ASSIGNMENT
Report back each line of the records that contains the string "drawing".

TASK DATA
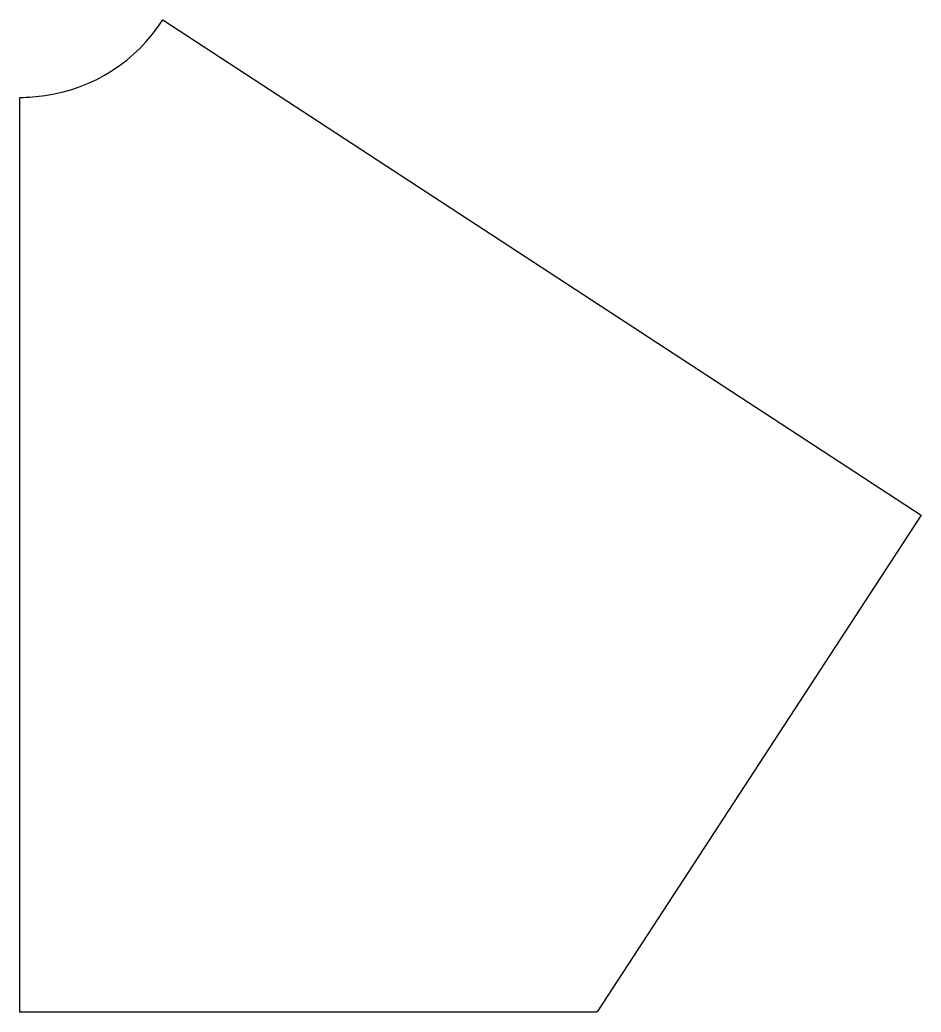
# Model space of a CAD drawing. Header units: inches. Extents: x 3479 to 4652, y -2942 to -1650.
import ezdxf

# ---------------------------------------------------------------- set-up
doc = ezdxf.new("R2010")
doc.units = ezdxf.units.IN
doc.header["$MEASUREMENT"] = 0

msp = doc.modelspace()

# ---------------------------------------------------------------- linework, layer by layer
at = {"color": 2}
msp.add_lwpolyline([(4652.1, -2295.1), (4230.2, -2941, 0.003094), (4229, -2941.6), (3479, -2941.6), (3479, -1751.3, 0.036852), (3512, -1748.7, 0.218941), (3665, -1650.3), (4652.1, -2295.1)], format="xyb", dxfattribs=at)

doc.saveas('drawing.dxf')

WRITTEN SOLUTION
# Model space of a CAD drawing. Header units: inches. Extents: x 3479 to 4652, y -2942 to -1650.
doc.saveas('drawing.dxf')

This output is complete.